- Presented by: Dr. Lendon Smith, M.D.
- Country of origin: United States

Production
- Running time: 5 minutes (3.5 minus commercials)

Original release
- Network: ABC
- Release: April 1967 – August 1969

= The Children's Doctor =

The Children's Doctor is an American daytime medical and parental advice program that ran on ABC for 3 years, from April 1967 to August 1969. It was produced at the studios of KGW-TV in Portland (an NBC affiliate; KATU was/is the market's ABC affiliate during this period) where the program was broadcast for a time locally before ABC picked it up for national broadcast.

==Series background==
The program was hosted by Dr. Lendon Smith M.D., who gave advice everyday on topics ranging from how to discipline children to proper nutrition and would feature young children and their parents in his shows. Each program would begin with Dr. Smith saying "Hello. Today I'd like to talk about..." before going into the topic of the day.
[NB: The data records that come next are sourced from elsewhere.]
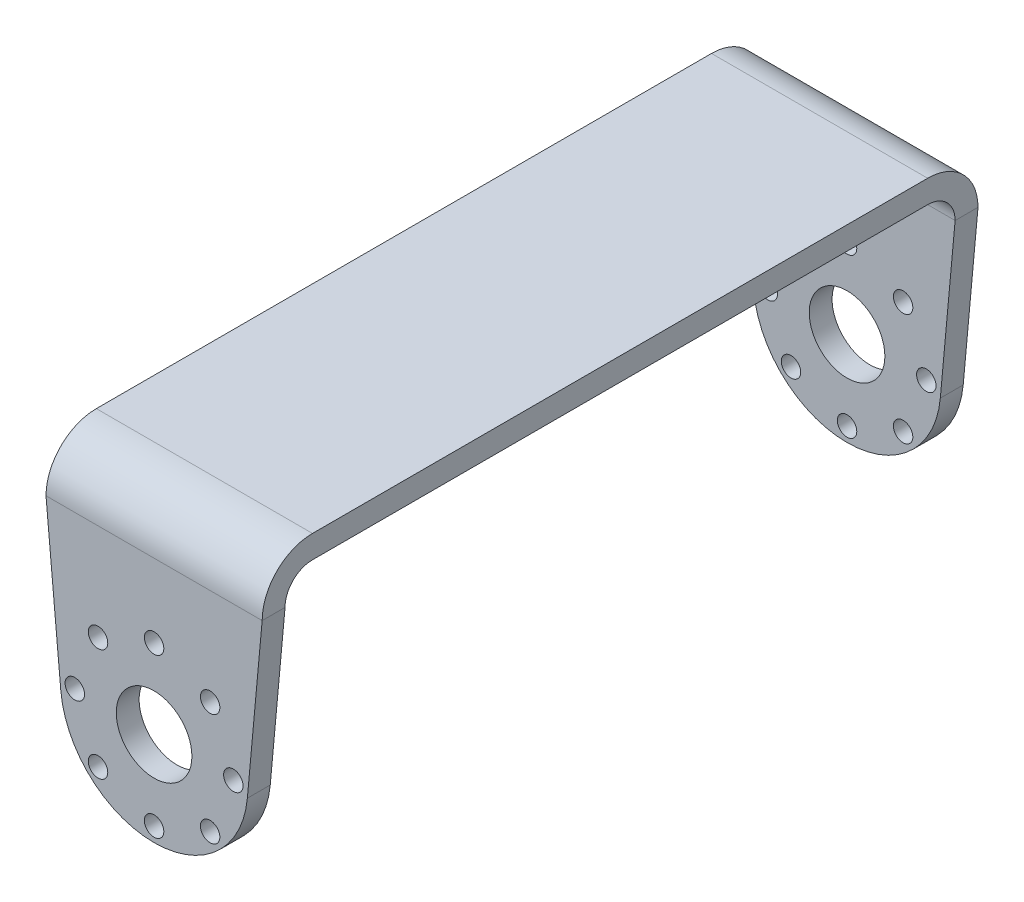
from build123d import *

# Parameters (mm, degrees)
SKETCH1_W                      = 30
SKETCH1_H                      = 93
BASE_FLANGE1_DEPTH             = 3.175
EDGE_FLANGE1_STRIP_W           = 20.32
EDGE_FLANGE1_STRIP_H           = 3.175
EDGE_FLANGE1_STRIP_CUT_DEPTH   = 30
EDGE_FLANGE1_STRIP_2_W         = 20.32
EDGE_FLANGE1_STRIP_2_H         = 3.175
EDGE_FLANGE1_STRIP_CUT_2_DEPTH = 30
EDGE_FLANGE1_DEPTH             = 30
EDGE_FLANGE1_BEND_DEPTH        = 30
CUT_EXTRUDE1_DEPTH             = 65.316449101
CUT_EXTRUDE1_DEPTH_BACK        = 65.316449101
SKETCH12_OUTSIDE_W             = 54.33
SKETCH12_OUTSIDE_H             = 65.505
SKETCH12_OUTSIDE_R             = 1.35
SKETCH12_OUTSIDE_R_2           = 5.25


# Sheet-metal steps are written as plain solids
with BuildPart() as part:
    # Sketch1 → Base-Flange1 (new body)
    with BuildSketch(Plane(origin=(0, 0, 0), x_dir=(1, 0, 0), z_dir=(0, 1, 0))):
        Rectangle(SKETCH1_W, SKETCH1_H)
    extrude(amount=BASE_FLANGE1_DEPTH)

    # Edge-Flange1 strip (across the edge) → Edge-Flange1 strip cut (cut)
    with BuildSketch(Plane(origin=(15, 0, 46.5), x_dir=(0, 0, -1), z_dir=(-1, 0, 0))):
        with Locations((-6.35, -1.5875)):
            Rectangle(EDGE_FLANGE1_STRIP_W, EDGE_FLANGE1_STRIP_H)
    extrude(amount=EDGE_FLANGE1_STRIP_CUT_DEPTH, mode=Mode.SUBTRACT)

    # Edge-Flange1 strip 2 (across the edge) → Edge-Flange1 strip cut 2 (cut)
    with BuildSketch(Plane(origin=(-15, 0, -46.5), x_dir=(0, 0, 1), z_dir=(1, 0, 0))):
        with Locations((-6.35, -1.5875)):
            Rectangle(EDGE_FLANGE1_STRIP_2_W, EDGE_FLANGE1_STRIP_2_H)
    extrude(amount=EDGE_FLANGE1_STRIP_CUT_2_DEPTH, mode=Mode.SUBTRACT)

    # Edge-Flange1 section (across the edge) → Edge-Flange1 (add)
    with BuildSketch(Plane(origin=(15, 0, 46.5), x_dir=(0, 0, -1), z_dir=(-1, 0, 0))):
        with BuildLine():
            Line((-3.175, 3.81), (-3.175, 38))
            Line((-3.175, 38), (0, 38))
            Line((0, 38), (0, 3.81))
            ThreePointArc((0, 3.81), (1.115923164, 1.115923164), (3.81, 0))
            Line((3.81, 0), (3.81, -3.175))
            ThreePointArc((3.81, -3.175), (-1.129140867, -1.129140867), (-3.175, 3.81))
        make_face()
    extrude(amount=EDGE_FLANGE1_DEPTH)

    # Edge-Flange1 section 2 (across the edge) → Edge-Flange1 bend (add)
    with BuildSketch(Plane(origin=(-15, 0, -46.5), x_dir=(0, 0, 1), z_dir=(1, 0, 0))):
        with BuildLine():
            Line((-3.175, 3.81), (-3.175, 38))
            Line((-3.175, 38), (0, 38))
            Line((0, 38), (0, 3.81))
            ThreePointArc((0, 3.81), (1.115923164, 1.115923164), (3.81, 0))
            Line((3.81, 0), (3.81, -3.175))
            ThreePointArc((3.81, -3.175), (-1.129140867, -1.129140867), (-3.175, 3.81))
        make_face()
    extrude(amount=EDGE_FLANGE1_BEND_DEPTH)

    # Sketch12 outside → Cut-Extrude1 (cut, two sides: drawn at the far end of the back side and taken through both)
    # profile 1 of 10: a face of its own
    with BuildSketch(Plane.XY.offset(-CUT_EXTRUDE1_DEPTH_BACK)):
        with Locations((0, -17.4125)):
            Rectangle(SKETCH12_OUTSIDE_W, SKETCH12_OUTSIDE_H)
        with BuildLine():
            Line((12.945561693, -26.188458018), (15, -3.81))
            Line((15, -3.81), (15, 3.175))
            Line((15, 3.175), (-15, 3.175))
            Line((-15, 3.175), (-15, -3.81))
            Line((-15, -3.81), (-12.945561693, -26.188458018))
            ThreePointArc((-12.945561693, -26.188458018), (0, -38), (12.945561693, -26.188458018))
        make_face(mode=Mode.SUBTRACT)
    # profile 2 of 10: a face of its own
    with BuildSketch(Plane.XY.offset(-CUT_EXTRUDE1_DEPTH_BACK)):
        with Locations((0, -36)):
            Circle(SKETCH12_OUTSIDE_R)
    # profile 3 of 10: a face of its own
    with BuildSketch(Plane.XY.offset(-CUT_EXTRUDE1_DEPTH_BACK)):
        with Locations((-7.778174593, -32.778174593)):
            Circle(SKETCH12_OUTSIDE_R)
    # profile 4 of 10: a face of its own
    with BuildSketch(Plane.XY.offset(-CUT_EXTRUDE1_DEPTH_BACK)):
        with Locations((-11, -25)):
            Circle(SKETCH12_OUTSIDE_R)
    # profile 5 of 10: a face of its own
    with BuildSketch(Plane.XY.offset(-CUT_EXTRUDE1_DEPTH_BACK)):
        with Locations((-7.778174593, -17.221825407)):
            Circle(SKETCH12_OUTSIDE_R)
    # profile 6 of 10: a face of its own
    with BuildSketch(Plane.XY.offset(-CUT_EXTRUDE1_DEPTH_BACK)):
        with Locations((0, -14)):
            Circle(SKETCH12_OUTSIDE_R)
    # profile 7 of 10: a face of its own
    with BuildSketch(Plane.XY.offset(-CUT_EXTRUDE1_DEPTH_BACK)):
        with Locations((7.778174593, -17.221825407)):
            Circle(SKETCH12_OUTSIDE_R)
    # profile 8 of 10: a face of its own
    with BuildSketch(Plane.XY.offset(-CUT_EXTRUDE1_DEPTH_BACK)):
        with Locations((11, -25)):
            Circle(SKETCH12_OUTSIDE_R)
    # profile 9 of 10: a face of its own
    with BuildSketch(Plane.XY.offset(-CUT_EXTRUDE1_DEPTH_BACK)):
        with Locations((7.778174593, -32.778174593)):
            Circle(SKETCH12_OUTSIDE_R)
    # profile 10 of 10: a face of its own
    with BuildSketch(Plane.XY.offset(-CUT_EXTRUDE1_DEPTH_BACK)):
        with Locations((0, -25)):
            Circle(SKETCH12_OUTSIDE_R_2)
    extrude(amount=CUT_EXTRUDE1_DEPTH + CUT_EXTRUDE1_DEPTH_BACK, mode=Mode.SUBTRACT)


solid = part.part

Smith taped a total of 10 segments in two hours.

==Production notes==
Smith noted that at times that most of the children that appeared on the show would cause mischief both on and off-camera. He also used no scripts, relying on a few notes.

==Schedule==
When it debuted, it aired at 10:55 am, but in the winter of 1968 it was moved to 2:55 pm where it would be paired with another ABC program, The Baby Game. It would later be shuffled two more times, to 1:55 pm in the summer of 1968 and to 12:55 pm in the Winter of 1969 (in both cases following Funny You Should Ask), where it remained until it was cancelled in August of that year.